The Reticular Activating System (RAS) has many and varied functions including control of sleeping and waking, walking, waste elimination, eating and sex. It is also a filtering system that is designed to help you organize your impressions of the world around you. Your senses are collecting information constantly, non-stop. This information (via sight, touch, smell, hearing, tasting) is sent to the brain to be filtered into that which is brought to your conscious attention and that which will be withheld from it. This is vital. The masses of information collected by your sensory organs would soon overwhelm your mind if you were fully exposed to all of it, all at once, all the time. To protect your conscious mind from over-exposure, your brain filters out the vast majority of this information and feeds it with relatively tiny amounts. Your conscious mind then builds an impression of the world based on this information.


So how does your brain decide what information to bring to your attention and what to ‘hide’? Well, it doesn’t actually choose; you do. The Reticular Activating System ‘listens’ to your conversation - both your internal dialogue with yourself (the endless chatter in your head giving you a more or less constant running commentary and judgment of you in relation to your experiences, real or imagined) and your conversations with others. In other words, wherever you happen to direct your attention, your brain sees this as a directive to focus itself there and exclude other details. From this perspective, we start to build up a story for ourselves around ‘what is’ as we happen to be interpreting it.


The information your brain feeds into your consciousness is designed to deliberately corroborate your ‘story’ about life, who you think you are and the power you feel you hold. So if the bulk of your conversation is about how wonderful life is, how lucky you are, what great relationships you have and how you achieve whatever you set your mind to, your RAS will feed you information and draw you towards situations, people and circumstances that agree with those ideas. It therefore doesn’t take a genius to work out that conversations around difficulty, disappointment and ill-fortune trigger the RAS to bring to your attention more evidence of the same. The point being that the Reticular Activating System doesn’t make choices for you about the information it selects. It simply filters it and produces data to fit your ‘story’ about how life is.
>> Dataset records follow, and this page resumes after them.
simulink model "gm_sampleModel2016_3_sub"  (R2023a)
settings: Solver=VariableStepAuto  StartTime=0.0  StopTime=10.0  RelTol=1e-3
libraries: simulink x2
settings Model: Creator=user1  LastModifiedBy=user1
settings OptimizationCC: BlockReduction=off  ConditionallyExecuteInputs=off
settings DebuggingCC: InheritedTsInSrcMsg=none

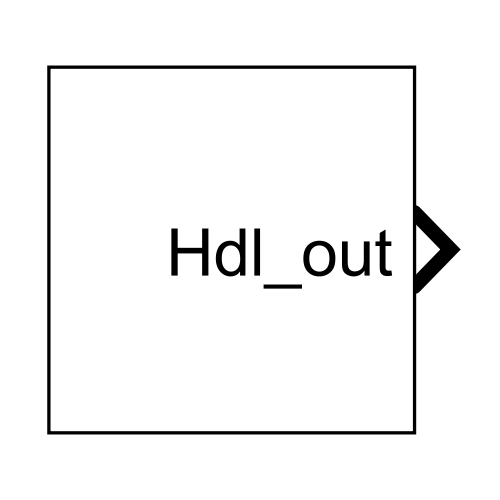
[thumbnail: Simulink's stored preview of the top-level diagram]
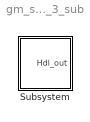
== system gm_sampleModel2016_3_sub ==
  Subsystem : Subsystem

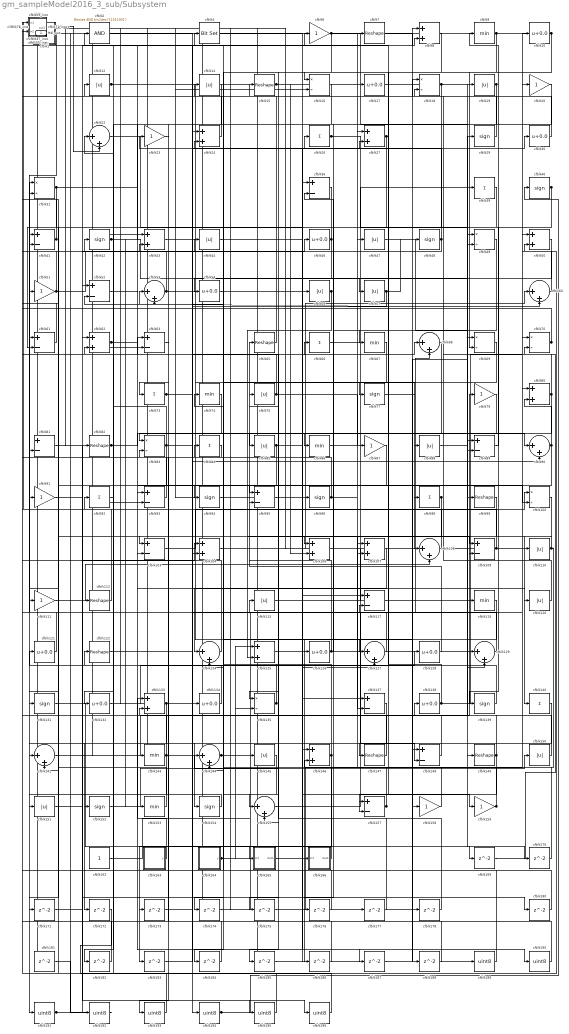
== system gm_sampleModel2016_3_sub/Subsystem ==
  cfblk1 : Subsystem  mask(Compare To Zero){relop=<=, OutDataTypeStr=uint8, ZeroCross=on}
      mask prompts: relop "Simulink:masks:Operator_MP"; OutDataTypeStr "Simulink:masks:OutputDataType_MP"; ZeroCross "Simulink:masks:EnableZerocrossingDetection_MP"
      mask help: Simulink:masks:CompareToZero_MD
      mask init:
      | OutDataTypeStr = 'uint8';
      | ZeroCross = 'on';
      | blkName = 'sampleModel2016_3_sub/Subsystem/cfblk1';
      | relop = '<=';
      | setValue = 'fixdt(0, 8)';
      mask TypeOptions relop: == | ~= | < | <= | >= | >
      mask TypeOptions OutDataTypeStr: Simulink:masks:uint8 | Simulink:masks:boolean
      mask Callback ZeroCross: sl('zeroCrossEnable', gcbh);
      mask Display: disp([relop,' 0'])
  cfblk{10,17,30,46,54,121,126,128,132,134,138} (11 alike) : Bias  Bias=0.0  SaturateOnIntegerOverflow=off
  cfblk{16,18,31,49,69..70,83,100,135} (9 alike) : Product  Inputs=*/  OutDataTypeStr=uint8  RndMeth=Zero  SaturateOnIntegerOverflow=on
  cfblk{36,41,52,61,63,81,89,93,95,103,109,117,137,148,157} (15 alike) : Sum  Inputs=+-  OutDataTypeStr=uint8
  cfblk{8,24,27,43,50,62,80,104,106..107,125,133,146} (13 alike) : Sum  OutDataTypeStr=uint8
  cfblk{22,53,60,68,90,108,124,127,129,141,144,155} (12 alike) : Sum  Inputs=|++  OutDataTypeStr=uint8
  cfblk{12,14,19,44,47,56..57,75,85,88,110,115,120,145,150..151} (16 alike) : Abs  OutDataTypeStr=uint8  SaturateOnIntegerOverflow=off
  cfblk{6,20,23,51,79,87,91,111,158..159} (10 alike) : Gain  OutDataTypeStr=uint8
  cfblk{7,15,65,82,99,112,122,147,149} (9 alike) : Reshape
  cfblk113_inst : Subsystem
  cfblk{9,67,74,86,119,143,153} (7 alike) : MinMax  OutDataTypeStr=uint8
  cfblk123_inst : Subsystem
  cfblk130_inst : Subsystem
  cfblk{29,40,42,48,77,94,96,131,139,152,154} (11 alike) : Signum
  cfblk13_inst : Subsystem
  cfblk{26,39,66,73,84,92,98,140} (8 alike) : Sum  Inputs=+  OutDataTypeStr=uint8
  cfblk156_inst : Subsystem
  cfblk162 : Constant  OutDataTypeStr=uint8  SampleTime=-1
  cfblk163 : Subsystem  mask(Counter Free-Running){NumBits=double(16), tsamp=double(-1)}
      mask prompts: NumBits "Simulink:masks:NumberOfBits_MP"; tsamp "Simulink:masks:SampleTime_MP"
      mask help: Simulink:masks:CounterFreeRunning_MD
  cfblk164 : Subsystem  mask(Counter Limited){uplimit=double(7), tsamp=double(-1)}
      mask prompts: uplimit "Simulink:masks:UpperLimit_MP"; tsamp "Simulink:masks:SampleTime_MP"
      mask help: Simulink:masks:CounterLimited_MD
      mask init:
      | nbits = double(8);
      | tsamp = double(-1);
      | uplimit = double(7);
  cfblk165 : Subsystem
  cfblk166 : Subsystem
  cfblk{169..178,180..188} (19 alike) : Delay  SampleTime=1
  cfblk{189..196} (8 alike) : DataTypeConversion  OutDataTypeStr=uint8  SaturateOnIntegerOverflow=off  RndMeth=Floor
  cfblk2 : simulink/Logic and Bit Operations/Bitwise Operator  logicop=AND  UseBitMask=on  BitMask=bin2dec('11011001')  BitMaskRealWorld=Stored Integer
      settings: LibrarySourceBlock=|
      | hdlsllib/Logic and Bit
      | Operations/Bitwise
      | Operator
  cfblk25_inst : Subsystem
  cfblk3 : Constant  Value=0  OutDataTypeStr=uint8  SampleTime=1
  cfblk37_inst : Subsystem
  cfblk4 : simulink/Logic and Bit Operations/Bit Set  iBit=0
      settings: LibrarySourceBlock=|
      | hdlsllib/Logic and Bit
      | Operations/Bit Set
  cfblk55_inst : Subsystem
  cfblk59_inst : Subsystem
  cfblk71_inst : Subsystem
  cfblk78_inst : Subsystem
  Hdl_out : Outport  OutDataTypeStr=uint8  SampleTime=1
  wires:
  cfblk1/1(y) -> cfblk191/1
  cfblk10/1 -> cfblk69/2, Hdl_out/1
  cfblk100/1 -> cfblk140/1
  cfblk103/1 -> cfblk100/1
  cfblk104/1 -> cfblk60/1
  cfblk106/1 -> cfblk148/2
  cfblk107/1 -> cfblk124/1
  cfblk108/1 -> cfblk37_inst/1(in1)
  cfblk109/1 -> cfblk78_inst/2(in2), cfblk31/1
  cfblk110/1 -> cfblk133/2, cfblk106/1
  cfblk111/1 -> cfblk108/2
  cfblk112/1 -> cfblk13_inst/1(in1)
  cfblk113_inst/1(out1) -> cfblk43/1
  cfblk115/1 -> cfblk39/1
  cfblk117/1 -> cfblk10/1
  cfblk119/1 -> cfblk184/1
  cfblk12/1 -> cfblk90/1, cfblk188/1
  cfblk120/1 -> cfblk18/2
  cfblk121/1 -> cfblk78_inst/1(in1)
  cfblk122/1 -> cfblk66/1
  cfblk123_inst/1(out1) -> cfblk19/1, cfblk134/1, cfblk16/2
  cfblk124/1 -> cfblk123_inst/1(in1)
  cfblk125/1 -> cfblk186/1
  cfblk126/1 -> cfblk65/1, cfblk36/2
  cfblk127/1 -> cfblk115/1
  cfblk128/1 -> cfblk95/2
  cfblk129/1 -> cfblk61/1
  cfblk13_inst/1(out1) -> cfblk189/1
  cfblk130_inst/1(out1) -> cfblk110/1
  cfblk131/1 -> cfblk169/1
  cfblk132/1 -> cfblk128/1
  cfblk133/1 -> cfblk68/1, cfblk141/2
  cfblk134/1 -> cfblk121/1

Owing to the way the RAS functions, and its role of sifting through information sent to the unconscious mind and passed on to the conscious, perhaps you can now see that there is no such thing as an absolute truth from the perspective of human perceptions. They are highly subjective. But because of the way sensory data is filtered, the more you focus on something, the more your RAS will show you the evidence. In this sense, two people can walk down the same street, in the same direction, at the same time and experience entirely different streets, depending on their perspective on life and the influence it has had on programming their RAS to notice things. Put simply, a person who is intrinsically happy, will find more and more reasons to continue in this state and, likewise, a person who is intrinsically unhappy will find more and more reasons to continue in that state.


Interestingly, just by ‘priming’ your brain, you can get it to notice things, even when you are in an unfamiliar place. Just as a person can talk themselves into getting lost, they can also talk their brains into ‘unlosing’ themselves.


The complexity comes when electro-chemical/hormonal responses are thrown into the mix. Your thoughts are not independent of your moods. Your thoughts trigger electro-chemical responses. If therefore your view of life focuses on the positive and your RAS corroborates this, your electro-chemical/hormonal responses, or moods and feelings, will reflect this also.